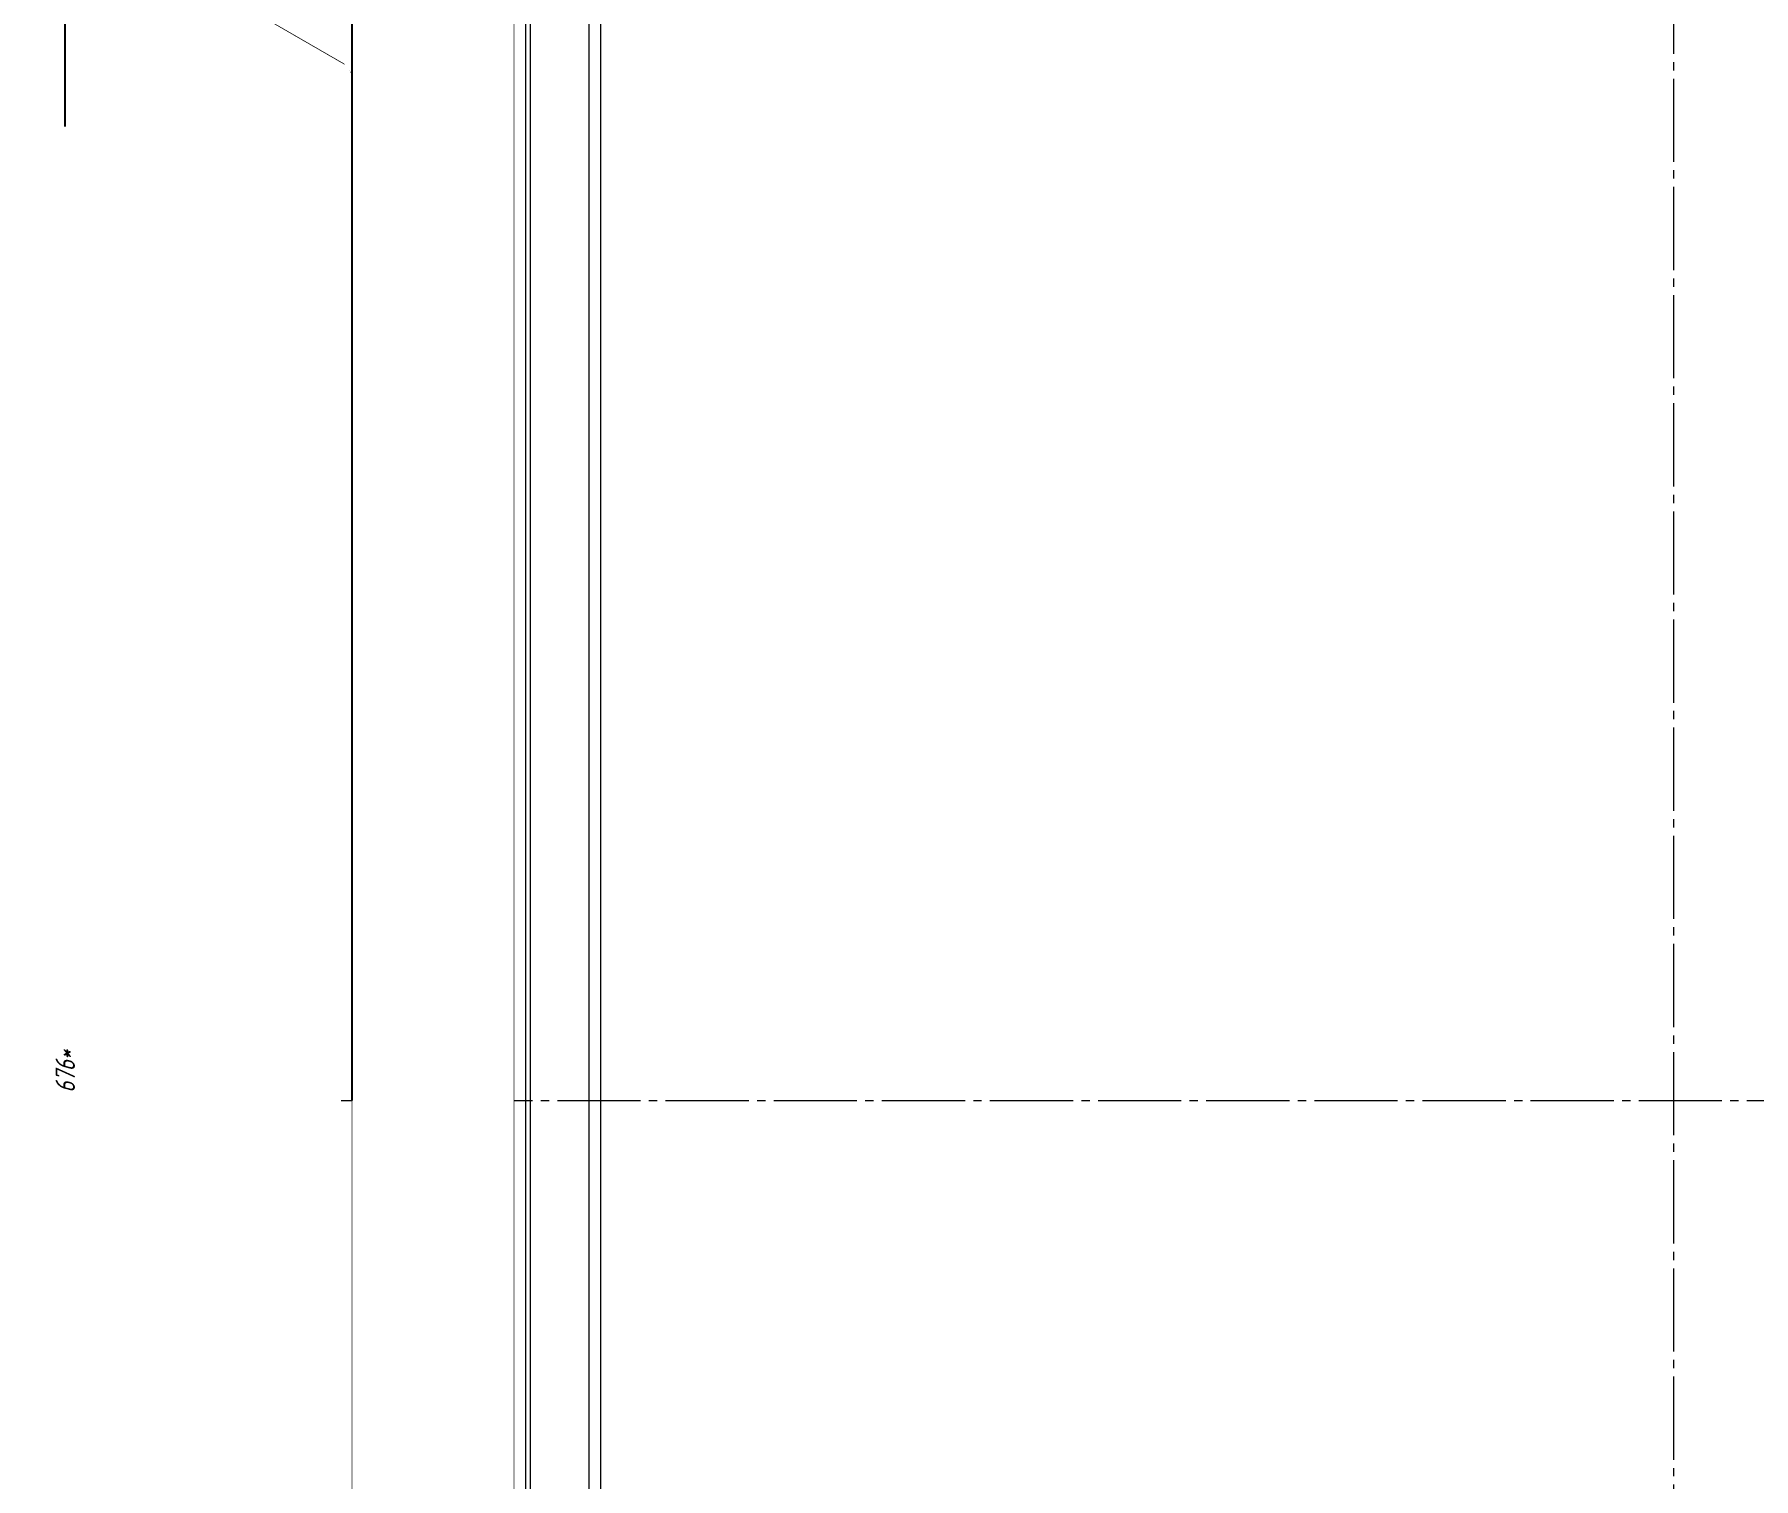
# Model space of a CAD drawing. Header units: millimetres. Extents: x -1133 to 1382, y -1174 to 1187.
# Drawn here: x -295.6 to 14.5, y -68.2 to 192.3 of the extents above; entities that cross this region are included whole.
import ezdxf

# ---------------------------------------------------------------- set-up
doc = ezdxf.new("R2010")
doc.units = ezdxf.units.MM
doc.linetypes.add('K5LT_AXLED', pattern=[19.5, 15, -1.5, 1.5, -1.5])
doc.linetypes.add('K5LT_THIN', pattern=[0])
doc.styles.add('KDIMTEXTSTYLE', font='GOST_AU.SHX', dxfattribs={"width": 0.96, "oblique": 15, "height": 5})
doc.dimstyles.new('KDIMSTYLE (1.00)', dxfattribs={"dimtxt": 5, "dimasz": 1, "dimexe": 2, "dimexo": 0, "dimgap": 1, "dimtad": 1, "dimtxsty": 'KDIMTEXTSTYLE', "dimsah": 1, "dimcen": 0, "dimdle": 1, "dimadec": 0, "dimazin": 0, "dimtfac": 0.667, "dimtmove": 0, "dimatfit": 3, "dimfxl": 1, "dimtvp": 1, "dimtolj": 1, "dimtzin": 0, "dimarcsym": 0})

# ---------------------------------------------------------------- blocks, each defined once
blk = doc.blocks.new('WIPEOUTCOLORING0')
blk.add_wipeout([(-238.25, -184.41), (-236.53, -289), (-238.25, 0)])
blk.add_wipeout([(-236.53, -289), (-233.44, -298.63), (-238.25, 0)])
blk.add_wipeout([(-238.25, 0), (-233.44, -298.63), (-238.25, 184.41)])
blk.add_wipeout([(-233.44, -298.63), (-228.86, -307.64), (-238.25, 184.41)])
blk.add_wipeout([(-228.86, -307.64), (-222.92, -315.82), (-238.25, 184.41)])
blk.add_wipeout([(-222.92, -315.82), (-215.77, -322.97), (-238.25, 184.41)])
blk.add_wipeout([(-215.77, -322.97), (-207.58, -328.9), (-238.25, 184.41)])
blk.add_wipeout([(-207.58, -328.9), (-209.08, -266.79), (-238.25, 184.41)])
blk.add_wipeout([(-209.08, -266.79), (-209.12, -264.8), (-238.25, 184.41)])
blk.add_wipeout([(-209.12, -264.8), (-209.12, 0), (-238.25, 184.41)])
blk.add_wipeout([(-238.25, 184.41), (-209.12, 0), (-238.4, 185.33)])
blk.add_wipeout([(-209.12, 0), (-209.12, 264.8), (-238.4, 185.33)])
blk.add_wipeout([(-238.4, 185.33), (-209.12, 264.8), (-239.75, 187.01)])
blk.add_wipeout([(-209.12, 264.8), (-208.32, 273.28), (-239.75, 187.01)])
blk.add_wipeout([(-239.75, 187.01), (-208.32, 273.28), (-260.75, 199.13)])
blk = doc.blocks.new('U3')
at = {"color": 30, "linetype": 'K5LT_AXLED', "lineweight": 18, "true_color": 0xff8000}
for p, q in [((0, 340.25), (0, -340.25)), ((-240.25, 0), (240.25, 0))]:
    blk.add_line(p, q, dxfattribs=at)
at = {"color": 7, "linetype": 'K5LT_THIN', "lineweight": 18}
for p, q in [((-209.12, -264.8), (-209.12, 264.8)), ((-207.02, 262.7), (-207.02, -262.7)), ((-206.18, 262.53), (-206.18, -262.53)), ((-195.59, 262.53), (-195.59, -262.53)), ((-193.47, 262.43), (-193.47, -262.46)), ((-260.75, 199.13), (-239.75, 187.01)), ((-253.41, 195.5), (-238.14, 186.69)), ((-251.91, 198.1), (-231.41, 186.26)), ((-239.75, 187.01), (-239.31, 187.26)), ((-234.59, 185.65), (-231.41, 186.26)), ((-233.53, 183.81), (-231.41, 186.26)), ((-231.41, 186.26), (-231.41, -186.26)), ((-238.25, 184.41), (-237.81, 184.66)), ((-238.25, 184.41), (-238.25, -184.41)), ((-238.25, 184.41), (-238.25, -184.41)), ((-237.81, 184.66), (-237.81, -184.66)), ((-236.94, 183.82), (-236.94, 183.81)), ((-236.94, 183.81), (-236.94, -183.81)), ((-233.53, 183.81), (-233.53, -183.81)), ((-223.81, 184), (-226.12, 180)), ((-219.19, 184), (-223.81, 184)), ((-216.88, 180), (-219.19, 184)), ((-226.12, 180), (-223.81, 176)), ((-219.19, 176), (-216.88, 180)), ((-223.81, 176), (-219.19, 176)), ((-223.81, 94), (-226.12, 90)), ((-219.19, 94), (-223.81, 94)), ((-216.88, 90), (-219.19, 94)), ((-226.12, 90), (-223.81, 86)), ((-219.19, 86), (-216.88, 90)), ((-223.81, 86), (-219.19, 86)), ((-223.81, 4), (-226.12, 0)), ((-219.19, 4), (-223.81, 4)), ((-216.88, 0), (-219.19, 4)), ((-226.12, 0), (-223.81, -4)), ((-219.19, -4), (-216.88, 0)), ((-223.81, -4), (-219.19, -4))]:
    blk.add_line(p, q, dxfattribs=at)
for centre, radius in [((-221.5, 180), 9), ((-221.5, 180), 8), ((-221.5, 180), 7), ((-221.5, 90), 9), ((-221.5, 90), 8), ((-221.5, 90), 7), ((-221.5, 0), 9), ((-221.5, 0), 8), ((-221.5, 0), 7)]:
    blk.add_circle(centre, radius, dxfattribs=at)
for centre, major_axis, ratio, start_param, end_param in [((-241.25, 184.41), (2.6, 1.5), 0.999543, 5.759784, 6.806586), ((-233.32, 183.79), (6, -3.47), 0.022674, 2.518149, 3.128512), ((-240.81, 184.66), (-1.5, 2.6), 0.999543, 4.188988, 5.23579), ((-239.64, 184.09), (1.42, 2.64), 0.766148, 5.102338, 6.242442), ((-239.89, 191.16), (5.94, -5.18), 0.335039, 5.380908, 6.026991), ((-234.81, 181.2), (3, -3.47), 0.025894, 2.534988, 3.145351), ((-237.77, 191.16), (4.24, -7.35), 0.57735, 5.637103, 6.283185)]:
    blk.add_ellipse(centre, major_axis=major_axis, ratio=ratio, start_param=start_param, end_param=end_param, dxfattribs=at)
for points in [[(-237.57, 186.39), (-237.77, 186.49), (-237.96, 186.59), (-238.14, 186.69)], [(-236.94, 183.81), (-237.04, 183.92), (-237.14, 183.99), (-237.23, 184.09)]]:
    blk.add_open_spline(points, degree=3, dxfattribs=at)
for points, knots in [([(-237.57, 186.39), (-237.49, 186.32), (-237.34, 186.18), (-237.17, 185.93), (-237.04, 185.66), (-236.94, 185.37), (-236.88, 185.05), (-236.85, 184.72), (-236.85, 184.39), (-236.89, 184.09), (-236.92, 183.9), (-236.94, 183.82)], [0, 0, 0, 0, 1.689724, 3.163148, 4.475752, 5.821833, 7.205423, 8.572131, 9.915682, 11.058667, 12, 12, 12, 12]), ([(-233.53, 183.81), (-233.57, 183.96), (-233.66, 184.23), (-233.84, 184.6), (-234.02, 184.93), (-234.27, 185.29), (-234.46, 185.52), (-234.59, 185.65)], [0, 0, 0, 0, 1.726771, 3.228636, 4.57326, 5.92743, 8, 8, 8, 8])]:
    blk.add_open_spline(points, degree=3, knots=knots, dxfattribs=at)
blk.add_blockref('WIPEOUTCOLORING0', (0, 0))
blk = doc.blocks.new('KDIMARROW_01')
blk.add_hatch(color=0).paths.add_polyline_path([(-5, -0.66), (0, 0), (-5, 0.66), (-4.5, 0)])
at = {"color": 0, "linetype": 'K5LT_THIN', "lineweight": 18}
for p, q in [((-4.5, 0), (-5, 0.66)), ((-5, 0.66), (0, 0)), ((0, 0), (-5, -0.66)), ((-5, -0.66), (-4.5, 0)), ((0, 0), (-1, 0))]:
    blk.add_line(p, q, dxfattribs=at)

msp = doc.modelspace()

# ---------------------------------------------------------------- block references
msp.add_blockref('U3', (0, 0))

# ---------------------------------------------------------------- next in the draw order: dimensions: what is measured, and where the dimension line sits
at = {"color": 7}
msp.add_linear_dim(base=(-238.25, 370.532), p1=(238.25, 0), p2=(-238.25, 0), location=(-0.25, 370.532), text='\\H3.5;\\W0.965;\\Q15;\\H3.5;\\W0.965;\\Q15;\\Q15;476\\H3.5;\\W0.965;\\Q15;\\Q15;*', dimstyle='KDIMSTYLE (1.00)', override={"dimexo": 0, "dimblk1": 'KDIMARROW_01', "dimblk2": 'KDIMARROW_01', "dimse1": 0, "dimse2": 0, "dimclrt": 7, "dimtolj": 1}, dxfattribs=at).render()
msp.add_linear_dim(base=(-290, 338.25), p1=(0, -337.814), p2=(0, 338.25), angle=90, location=(-290, 5.25), text='\\H3.5;\\W0.965;\\Q15;\\H3.5;\\W0.965;\\Q15;\\Q15;676\\H3.5;\\W0.965;\\Q15;\\Q15;*', dimstyle='KDIMSTYLE (1.00)', override={"dimexo": 0, "dimblk1": 'KDIMARROW_01', "dimblk2": 'KDIMARROW_01', "dimse1": 0, "dimse2": 0, "dimclrt": 7, "dimtolj": 1}, dxfattribs=at).render()

doc.saveas('drawing.dxf')

────

Assignment :: Filter the entries down to the lines holding the string "ezdxf". Copy each of those lines.

Expected answer ::
import ezdxf
doc = ezdxf.new("R2010")
doc.units = ezdxf.units.MM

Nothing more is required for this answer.